It's been quite a week for e-commerce giant
Amazon.com, Inc. (NASDAQ:AMZN), with the shares up 2.5% from last Thursday's close to trade at $597.32. In fact, AMZN eked out a daily close north of its 80-day moving average on Tuesday -- its first since Jan. 28. The stock is extending this positive price action today, after the company said
orders for its Amazon Home Services marketplace have soared 20% per month since it launched last year, and option traders are likely cheering.
In fact,
long calls have been the options of choice on AMZN of late, according to data from the major options exchanges. Echoing this call-skewed backdrop is the stock's gamma-weighted Schaeffer's put/call open interest ratio (SOIR) of 0.58, which indicates that near-the-money
call open interest comfortably outweighs
put open interest among options expiring in three months or less.
On Tuesday, calls were once again in high demand, with 62,000 contracts crossing the tape -- 1.4 times the expected daily pace -- versus 45,000 puts. AMZN's
weekly options were front-and-center, with contracts expiring at either this Friday's close or next accounting for nine of AMZN's 10 most active strikes.

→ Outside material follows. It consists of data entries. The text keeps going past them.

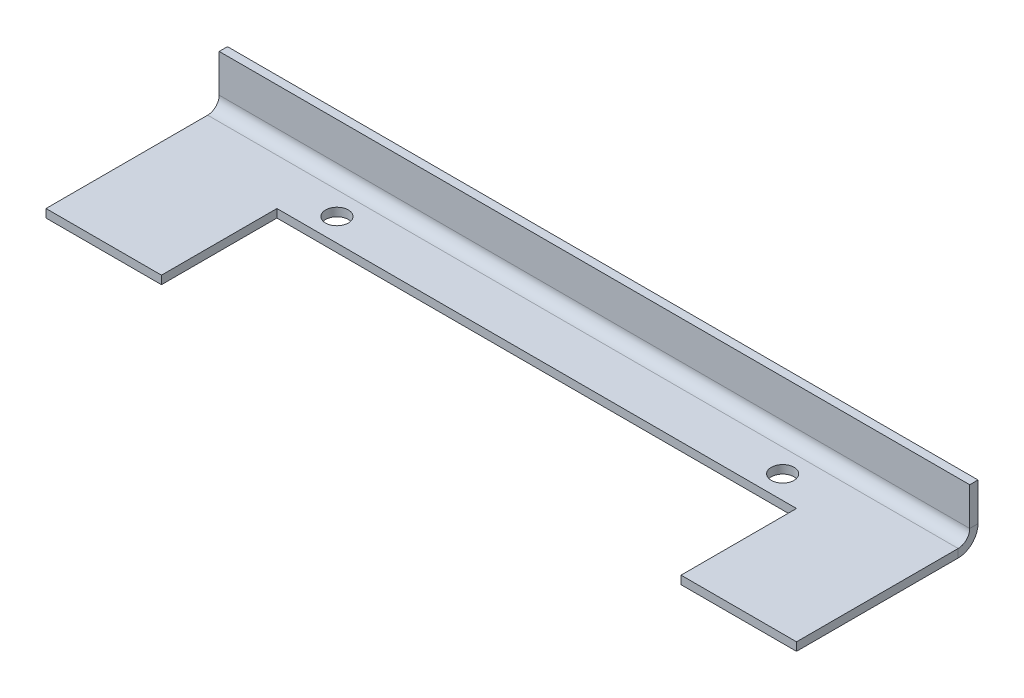
ISO-10303-21;
HEADER;
FILE_DESCRIPTION(('STEP AP214'),'2;1');
FILE_NAME('part.step','',(''),(''),'','','');
FILE_SCHEMA(('AUTOMOTIVE_DESIGN { 1 0 10303 214 1 1 1 1 }'));
ENDSEC;
DATA;
#1=APPLICATION_CONTEXT('core data for automotive mechanical design processes');
#2=APPLICATION_PROTOCOL_DEFINITION('international standard','automotive_design',2000,#1);
#3=PRODUCT_CONTEXT('',#1,'mechanical');
#4=PRODUCT('Part','Part','',(#3));
#5=PRODUCT_RELATED_PRODUCT_CATEGORY('part','',(#4));
#6=PRODUCT_DEFINITION_FORMATION('','',#4);
#7=PRODUCT_DEFINITION_CONTEXT('part definition',#1,'design');
#8=PRODUCT_DEFINITION('design','',#6,#7);
#9=PRODUCT_DEFINITION_SHAPE('','',#8);
#10=(LENGTH_UNIT() NAMED_UNIT(*) SI_UNIT(.MILLI.,.METRE.));
#11=(NAMED_UNIT(*) PLANE_ANGLE_UNIT() SI_UNIT($,.RADIAN.));
#12=(NAMED_UNIT(*) SI_UNIT($,.STERADIAN.) SOLID_ANGLE_UNIT());
#13=UNCERTAINTY_MEASURE_WITH_UNIT(LENGTH_MEASURE(1.E-05),#10,'distance_accuracy_value','');
#14=(GEOMETRIC_REPRESENTATION_CONTEXT(3) GLOBAL_UNCERTAINTY_ASSIGNED_CONTEXT((#13)) GLOBAL_UNIT_ASSIGNED_CONTEXT((#10,
#11,#12)) REPRESENTATION_CONTEXT('',''));
#15=CARTESIAN_POINT('',(0.,0.,0.));
#16=DIRECTION('',(0.,0.,1.));
#17=DIRECTION('',(1.,0.,0.));
#18=AXIS2_PLACEMENT_3D('',#15,#16,#17);
#19=CARTESIAN_POINT('',(0.,-0.91186,0.));
#20=DIRECTION('',(-1.,0.,0.));
#21=DIRECTION('',(0.,0.,1.));
#22=AXIS2_PLACEMENT_3D('',#19,#20,#21);
#23=PLANE('',#22);
#24=DIRECTION('',(0.,0.,1.));
#25=VECTOR('',#24,1.);
#26=CARTESIAN_POINT('',(0.,0.,0.));
#27=LINE('',#26,#25);
#28=CARTESIAN_POINT('',(0.,0.,1.27));
#29=VERTEX_POINT('',#28);
#30=CARTESIAN_POINT('',(0.,0.,19.05));
#31=VERTEX_POINT('',#30);
#32=EDGE_CURVE('E140',#29,#31,#27,.T.);
#33=ORIENTED_EDGE('',*,*,#32,.F.);
#34=DIRECTION('',(0.,-1.,0.));
#35=VECTOR('',#34,1.);
#36=CARTESIAN_POINT('',(0.,0.,1.27));
#37=LINE('',#36,#35);
#38=CARTESIAN_POINT('',(0.,-0.911860000000013,1.27));
#39=VERTEX_POINT('',#38);
#40=EDGE_CURVE('E191',#29,#39,#37,.T.);
#41=ORIENTED_EDGE('',*,*,#40,.T.);
#42=DIRECTION('',(0.,0.,1.));
#43=VECTOR('',#42,1.);
#44=CARTESIAN_POINT('',(0.,-0.91186,0.));
#45=LINE('',#44,#43);
#46=CARTESIAN_POINT('',(0.,-0.91186,19.05));
#47=VERTEX_POINT('',#46);
#48=EDGE_CURVE('E94',#39,#47,#45,.T.);
#49=ORIENTED_EDGE('',*,*,#48,.T.);
#50=DIRECTION('',(0.,1.,0.));
#51=VECTOR('',#50,1.);
#52=CARTESIAN_POINT('',(0.,-0.91186,19.05));
#53=LINE('',#52,#51);
#54=EDGE_CURVE('E40',#47,#31,#53,.T.);
#55=ORIENTED_EDGE('',*,*,#54,.T.);
#56=EDGE_LOOP('',(#33,#41,#49,#55));
#57=FACE_BOUND('',#56,.T.);
#58=ADVANCED_FACE('F36',(#57),#23,.T.);
#59=CARTESIAN_POINT('',(0.,-0.91186,0.));
#60=DIRECTION('',(0.,-1.,0.));
#61=DIRECTION('',(0.,0.,-1.));
#62=AXIS2_PLACEMENT_3D('',#59,#60,#61);
#63=PLANE('',#62);
#64=CARTESIAN_POINT('',(65.786,-0.91186,3.81));
#65=DIRECTION('',(0.,-1.,0.));
#66=DIRECTION('',(0.,0.,-1.));
#67=AXIS2_PLACEMENT_3D('',#64,#65,#66);
#68=CIRCLE('',#67,1.25);
#69=CARTESIAN_POINT('',(65.786,-0.91186,2.56));
#70=VERTEX_POINT('',#69);
#71=EDGE_CURVE('E190',#70,#70,#68,.T.);
#72=ORIENTED_EDGE('',*,*,#71,.F.);
#73=EDGE_LOOP('',(#72));
#74=FACE_BOUND('',#73,.T.);
#75=CARTESIAN_POINT('',(16.764,-0.91186,3.81));
#76=DIRECTION('',(0.,-1.,0.));
#77=DIRECTION('',(0.,0.,-1.));
#78=AXIS2_PLACEMENT_3D('',#75,#76,#77);
#79=CIRCLE('',#78,1.25);
#80=CARTESIAN_POINT('',(16.764,-0.91186,2.56));
#81=VERTEX_POINT('',#80);
#82=EDGE_CURVE('E198',#81,#81,#79,.T.);
#83=ORIENTED_EDGE('',*,*,#82,.F.);
#84=EDGE_LOOP('',(#83));
#85=FACE_BOUND('',#84,.T.);
#86=ORIENTED_EDGE('',*,*,#48,.F.);
#87=DIRECTION('',(-1.,0.,0.));
#88=VECTOR('',#87,1.);
#89=CARTESIAN_POINT('',(0.,-0.911860000000013,1.27));
#90=LINE('',#89,#88);
#91=CARTESIAN_POINT('',(82.55,-0.91186,1.27));
#92=VERTEX_POINT('',#91);
#93=EDGE_CURVE('E469',#39,#92,#90,.F.);
#94=ORIENTED_EDGE('',*,*,#93,.T.);
#95=DIRECTION('',(0.,0.,-1.));
#96=VECTOR('',#95,1.);
#97=CARTESIAN_POINT('',(82.55,-0.91186,0.));
#98=LINE('',#97,#96);
#99=CARTESIAN_POINT('',(82.55,-0.91186,19.05));
#100=VERTEX_POINT('',#99);
#101=EDGE_CURVE('E154',#100,#92,#98,.T.);
#102=ORIENTED_EDGE('',*,*,#101,.F.);
#103=DIRECTION('',(1.,0.,0.));
#104=VECTOR('',#103,1.);
#105=CARTESIAN_POINT('',(82.55,-0.91186,19.05));
#106=LINE('',#105,#104);
#107=CARTESIAN_POINT('',(69.85,-0.91186,19.05));
#108=VERTEX_POINT('',#107);
#109=EDGE_CURVE('E127',#108,#100,#106,.T.);
#110=ORIENTED_EDGE('',*,*,#109,.F.);
#111=DIRECTION('',(0.,0.,1.));
#112=VECTOR('',#111,1.);
#113=CARTESIAN_POINT('',(69.85,-0.91186,6.35));
#114=LINE('',#113,#112);
#115=CARTESIAN_POINT('',(69.85,-0.91186,6.35));
#116=VERTEX_POINT('',#115);
#117=EDGE_CURVE('E111',#116,#108,#114,.T.);
#118=ORIENTED_EDGE('',*,*,#117,.F.);
#119=DIRECTION('',(1.,0.,0.));
#120=VECTOR('',#119,1.);
#121=CARTESIAN_POINT('',(12.7,-0.91186,6.35));
#122=LINE('',#121,#120);
#123=CARTESIAN_POINT('',(12.7,-0.91186,6.35));
#124=VERTEX_POINT('',#123);
#125=EDGE_CURVE('E125',#124,#116,#122,.T.);
#126=ORIENTED_EDGE('',*,*,#125,.F.);
#127=DIRECTION('',(0.,0.,-1.));
#128=VECTOR('',#127,1.);
#129=CARTESIAN_POINT('',(12.7,-0.91186,6.35));
#130=LINE('',#129,#128);
#131=CARTESIAN_POINT('',(12.7,-0.91186,19.05));
#132=VERTEX_POINT('',#131);
#133=EDGE_CURVE('E130',#132,#124,#130,.T.);
#134=ORIENTED_EDGE('',*,*,#133,.F.);
#135=DIRECTION('',(1.,0.,0.));
#136=VECTOR('',#135,1.);
#137=CARTESIAN_POINT('',(0.,-0.91186,19.05));
#138=LINE('',#137,#136);
#139=EDGE_CURVE('E132',#47,#132,#138,.T.);
#140=ORIENTED_EDGE('',*,*,#139,.F.);
#141=EDGE_LOOP('',(#86,#94,#102,#110,#118,#126,#134,#140));
#142=FACE_BOUND('',#141,.T.);
#143=ADVANCED_FACE('F123',(#74,#85,#142),#63,.T.);
#144=CARTESIAN_POINT('',(0.,0.,0.));
#145=DIRECTION('',(0.,-1.,0.));
#146=DIRECTION('',(0.,0.,-1.));
#147=AXIS2_PLACEMENT_3D('',#144,#145,#146);
#148=PLANE('',#147);
#149=CARTESIAN_POINT('',(16.764,0.,3.81));
#150=DIRECTION('',(0.,-1.,0.));
#151=DIRECTION('',(0.,0.,-1.));
#152=AXIS2_PLACEMENT_3D('',#149,#150,#151);
#153=CIRCLE('',#152,1.25);
#154=CARTESIAN_POINT('',(16.764,0.,2.56));
#155=VERTEX_POINT('',#154);
#156=EDGE_CURVE('E141',#155,#155,#153,.T.);
#157=ORIENTED_EDGE('',*,*,#156,.T.);
#158=EDGE_LOOP('',(#157));
#159=FACE_BOUND('',#158,.T.);
#160=CARTESIAN_POINT('',(65.786,0.,3.81));
#161=DIRECTION('',(0.,-1.,0.));
#162=DIRECTION('',(0.,0.,-1.));
#163=AXIS2_PLACEMENT_3D('',#160,#161,#162);
#164=CIRCLE('',#163,1.25);
#165=CARTESIAN_POINT('',(65.786,0.,2.56));
#166=VERTEX_POINT('',#165);
#167=EDGE_CURVE('E195',#166,#166,#164,.T.);
#168=ORIENTED_EDGE('',*,*,#167,.T.);
#169=EDGE_LOOP('',(#168));
#170=FACE_BOUND('',#169,.T.);
#171=DIRECTION('',(-1.,0.,0.));
#172=VECTOR('',#171,1.);
#173=CARTESIAN_POINT('',(0.,0.,1.27));
#174=LINE('',#173,#172);
#175=CARTESIAN_POINT('',(82.55,0.,1.27));
#176=VERTEX_POINT('',#175);
#177=EDGE_CURVE('E170',#29,#176,#174,.F.);
#178=ORIENTED_EDGE('',*,*,#177,.F.);
#179=ORIENTED_EDGE('',*,*,#32,.T.);
#180=DIRECTION('',(1.,0.,0.));
#181=VECTOR('',#180,1.);
#182=CARTESIAN_POINT('',(0.,0.,19.05));
#183=LINE('',#182,#181);
#184=CARTESIAN_POINT('',(12.7,0.,19.05));
#185=VERTEX_POINT('',#184);
#186=EDGE_CURVE('E143',#31,#185,#183,.T.);
#187=ORIENTED_EDGE('',*,*,#186,.T.);
#188=DIRECTION('',(0.,0.,-1.));
#189=VECTOR('',#188,1.);
#190=CARTESIAN_POINT('',(12.7,0.,6.35));
#191=LINE('',#190,#189);
#192=CARTESIAN_POINT('',(12.7,0.,6.35));
#193=VERTEX_POINT('',#192);
#194=EDGE_CURVE('E146',#185,#193,#191,.T.);
#195=ORIENTED_EDGE('',*,*,#194,.T.);
#196=DIRECTION('',(1.,0.,0.));
#197=VECTOR('',#196,1.);
#198=CARTESIAN_POINT('',(12.7,0.,6.35));
#199=LINE('',#198,#197);
#200=CARTESIAN_POINT('',(69.85,0.,6.35));
#201=VERTEX_POINT('',#200);
#202=EDGE_CURVE('E149',#193,#201,#199,.T.);
#203=ORIENTED_EDGE('',*,*,#202,.T.);
#204=DIRECTION('',(0.,0.,1.));
#205=VECTOR('',#204,1.);
#206=CARTESIAN_POINT('',(69.85,0.,6.35));
#207=LINE('',#206,#205);
#208=CARTESIAN_POINT('',(69.85,0.,19.05));
#209=VERTEX_POINT('',#208);
#210=EDGE_CURVE('E114',#201,#209,#207,.T.);
#211=ORIENTED_EDGE('',*,*,#210,.T.);
#212=DIRECTION('',(1.,0.,0.));
#213=VECTOR('',#212,1.);
#214=CARTESIAN_POINT('',(82.55,0.,19.05));
#215=LINE('',#214,#213);
#216=CARTESIAN_POINT('',(82.55,0.,19.05));
#217=VERTEX_POINT('',#216);
#218=EDGE_CURVE('E152',#209,#217,#215,.T.);
#219=ORIENTED_EDGE('',*,*,#218,.T.);
#220=DIRECTION('',(0.,0.,-1.));
#221=VECTOR('',#220,1.);
#222=CARTESIAN_POINT('',(82.55,0.,0.));
#223=LINE('',#222,#221);
#224=EDGE_CURVE('E137',#217,#176,#223,.T.);
#225=ORIENTED_EDGE('',*,*,#224,.T.);
#226=EDGE_LOOP('',(#178,#179,#187,#195,#203,#211,#219,#225));
#227=FACE_BOUND('',#226,.T.);
#228=ADVANCED_FACE('F168',(#159,#170,#227),#148,.F.);
#229=CARTESIAN_POINT('',(82.55,-0.91186,0.));
#230=DIRECTION('',(1.,0.,0.));
#231=DIRECTION('',(0.,0.,-1.));
#232=AXIS2_PLACEMENT_3D('',#229,#230,#231);
#233=PLANE('',#232);
#234=DIRECTION('',(0.,-1.,0.));
#235=VECTOR('',#234,1.);
#236=CARTESIAN_POINT('',(82.55,0.,1.27));
#237=LINE('',#236,#235);
#238=EDGE_CURVE('E188',#176,#92,#237,.T.);
#239=ORIENTED_EDGE('',*,*,#238,.F.);
#240=ORIENTED_EDGE('',*,*,#224,.F.);
#241=DIRECTION('',(0.,1.,0.));
#242=VECTOR('',#241,1.);
#243=CARTESIAN_POINT('',(82.55,-0.91186,19.05));
#244=LINE('',#243,#242);
#245=EDGE_CURVE('E11',#100,#217,#244,.T.);
#246=ORIENTED_EDGE('',*,*,#245,.F.);
#247=ORIENTED_EDGE('',*,*,#101,.T.);
#248=EDGE_LOOP('',(#239,#240,#246,#247));
#249=FACE_BOUND('',#248,.T.);
#250=ADVANCED_FACE('F38',(#249),#233,.T.);
#251=CARTESIAN_POINT('',(82.55,-0.91186,19.05));
#252=DIRECTION('',(0.,0.,1.));
#253=DIRECTION('',(1.,0.,0.));
#254=AXIS2_PLACEMENT_3D('',#251,#252,#253);
#255=PLANE('',#254);
#256=ORIENTED_EDGE('',*,*,#218,.F.);
#257=DIRECTION('',(0.,1.,0.));
#258=VECTOR('',#257,1.);
#259=CARTESIAN_POINT('',(69.85,-0.91186,19.05));
#260=LINE('',#259,#258);
#261=EDGE_CURVE('E45',#108,#209,#260,.T.);
#262=ORIENTED_EDGE('',*,*,#261,.F.);
#263=ORIENTED_EDGE('',*,*,#109,.T.);
#264=ORIENTED_EDGE('',*,*,#245,.T.);
#265=EDGE_LOOP('',(#256,#262,#263,#264));
#266=FACE_BOUND('',#265,.T.);
#267=ADVANCED_FACE('F207',(#266),#255,.T.);
#268=CARTESIAN_POINT('',(69.85,-0.91186,6.35));
#269=DIRECTION('',(-1.,0.,0.));
#270=DIRECTION('',(0.,0.,1.));
#271=AXIS2_PLACEMENT_3D('',#268,#269,#270);
#272=PLANE('',#271);
#273=ORIENTED_EDGE('',*,*,#210,.F.);
#274=DIRECTION('',(0.,1.,0.));
#275=VECTOR('',#274,1.);
#276=CARTESIAN_POINT('',(69.85,-0.91186,6.35));
#277=LINE('',#276,#275);
#278=EDGE_CURVE('E108',#116,#201,#277,.T.);
#279=ORIENTED_EDGE('',*,*,#278,.F.);
#280=ORIENTED_EDGE('',*,*,#117,.T.);
#281=ORIENTED_EDGE('',*,*,#261,.T.);
#282=EDGE_LOOP('',(#273,#279,#280,#281));
#283=FACE_BOUND('',#282,.T.);
#284=ADVANCED_FACE('F110',(#283),#272,.T.);
#285=CARTESIAN_POINT('',(12.7,-0.91186,6.35));
#286=DIRECTION('',(0.,0.,1.));
#287=DIRECTION('',(1.,0.,0.));
#288=AXIS2_PLACEMENT_3D('',#285,#286,#287);
#289=PLANE('',#288);
#290=ORIENTED_EDGE('',*,*,#202,.F.);
#291=DIRECTION('',(0.,1.,0.));
#292=VECTOR('',#291,1.);
#293=CARTESIAN_POINT('',(12.7,-0.91186,6.35));
#294=LINE('',#293,#292);
#295=EDGE_CURVE('E119',#124,#193,#294,.T.);
#296=ORIENTED_EDGE('',*,*,#295,.F.);
#297=ORIENTED_EDGE('',*,*,#125,.T.);
#298=ORIENTED_EDGE('',*,*,#278,.T.);
#299=EDGE_LOOP('',(#290,#296,#297,#298));
#300=FACE_BOUND('',#299,.T.);
#301=ADVANCED_FACE('F129',(#300),#289,.T.);
#302=CARTESIAN_POINT('',(12.7,-0.91186,6.35));
#303=DIRECTION('',(1.,0.,0.));
#304=DIRECTION('',(0.,0.,-1.));
#305=AXIS2_PLACEMENT_3D('',#302,#303,#304);
#306=PLANE('',#305);
#307=ORIENTED_EDGE('',*,*,#194,.F.);
#308=DIRECTION('',(0.,1.,0.));
#309=VECTOR('',#308,1.);
#310=CARTESIAN_POINT('',(12.7,-0.91186,19.05));
#311=LINE('',#310,#309);
#312=EDGE_CURVE('E157',#132,#185,#311,.T.);
#313=ORIENTED_EDGE('',*,*,#312,.F.);
#314=ORIENTED_EDGE('',*,*,#133,.T.);
#315=ORIENTED_EDGE('',*,*,#295,.T.);
#316=EDGE_LOOP('',(#307,#313,#314,#315));
#317=FACE_BOUND('',#316,.T.);
#318=ADVANCED_FACE('F206',(#317),#306,.T.);
#319=CARTESIAN_POINT('',(0.,-0.91186,19.05));
#320=DIRECTION('',(0.,0.,1.));
#321=DIRECTION('',(1.,0.,0.));
#322=AXIS2_PLACEMENT_3D('',#319,#320,#321);
#323=PLANE('',#322);
#324=ORIENTED_EDGE('',*,*,#186,.F.);
#325=ORIENTED_EDGE('',*,*,#54,.F.);
#326=ORIENTED_EDGE('',*,*,#139,.T.);
#327=ORIENTED_EDGE('',*,*,#312,.T.);
#328=EDGE_LOOP('',(#324,#325,#326,#327));
#329=FACE_BOUND('',#328,.T.);
#330=ADVANCED_FACE('F165',(#329),#323,.T.);
#331=CARTESIAN_POINT('',(16.764,-0.91186,3.81));
#332=DIRECTION('',(0.,-1.,0.));
#333=DIRECTION('',(0.,0.,-1.));
#334=AXIS2_PLACEMENT_3D('',#331,#332,#333);
#335=CYLINDRICAL_SURFACE('',#334,1.25);
#336=ORIENTED_EDGE('',*,*,#156,.F.);
#337=EDGE_LOOP('',(#336));
#338=FACE_BOUND('',#337,.T.);
#339=ORIENTED_EDGE('',*,*,#82,.T.);
#340=EDGE_LOOP('',(#339));
#341=FACE_BOUND('',#340,.T.);
#342=ADVANCED_FACE('F225',(#338,#341),#335,.F.);
#343=CARTESIAN_POINT('',(65.786,-0.91186,3.81));
#344=DIRECTION('',(0.,-1.,0.));
#345=DIRECTION('',(0.,0.,-1.));
#346=AXIS2_PLACEMENT_3D('',#343,#344,#345);
#347=CYLINDRICAL_SURFACE('',#346,1.25);
#348=ORIENTED_EDGE('',*,*,#167,.F.);
#349=EDGE_LOOP('',(#348));
#350=FACE_BOUND('',#349,.T.);
#351=ORIENTED_EDGE('',*,*,#71,.T.);
#352=EDGE_LOOP('',(#351));
#353=FACE_BOUND('',#352,.T.);
#354=ADVANCED_FACE('F247',(#350,#353),#347,.F.);
#355=CARTESIAN_POINT('',(82.55,1.26999999999999,1.27));
#356=DIRECTION('',(1.,0.,0.));
#357=DIRECTION('',(0.,0.,-1.));
#358=AXIS2_PLACEMENT_3D('',#355,#356,#357);
#359=PLANE('',#358);
#360=DIRECTION('',(0.,0.,-1.));
#361=VECTOR('',#360,1.);
#362=CARTESIAN_POINT('',(82.55,1.27,0.));
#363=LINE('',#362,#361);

AMZN's weekly 4/8 620-strike call saw the most action, and it looks as if there was a mix of buy- and sell-to-open activity here. For those
purchasing new positions, the goal is for Amazon.com, Inc. (NASDAQ:AMZN) to rally north of the strike by next Friday's close, when the weekly series expires. Conversely, those
selling to open the calls are betting on $620 to serve as a short-term ceiling.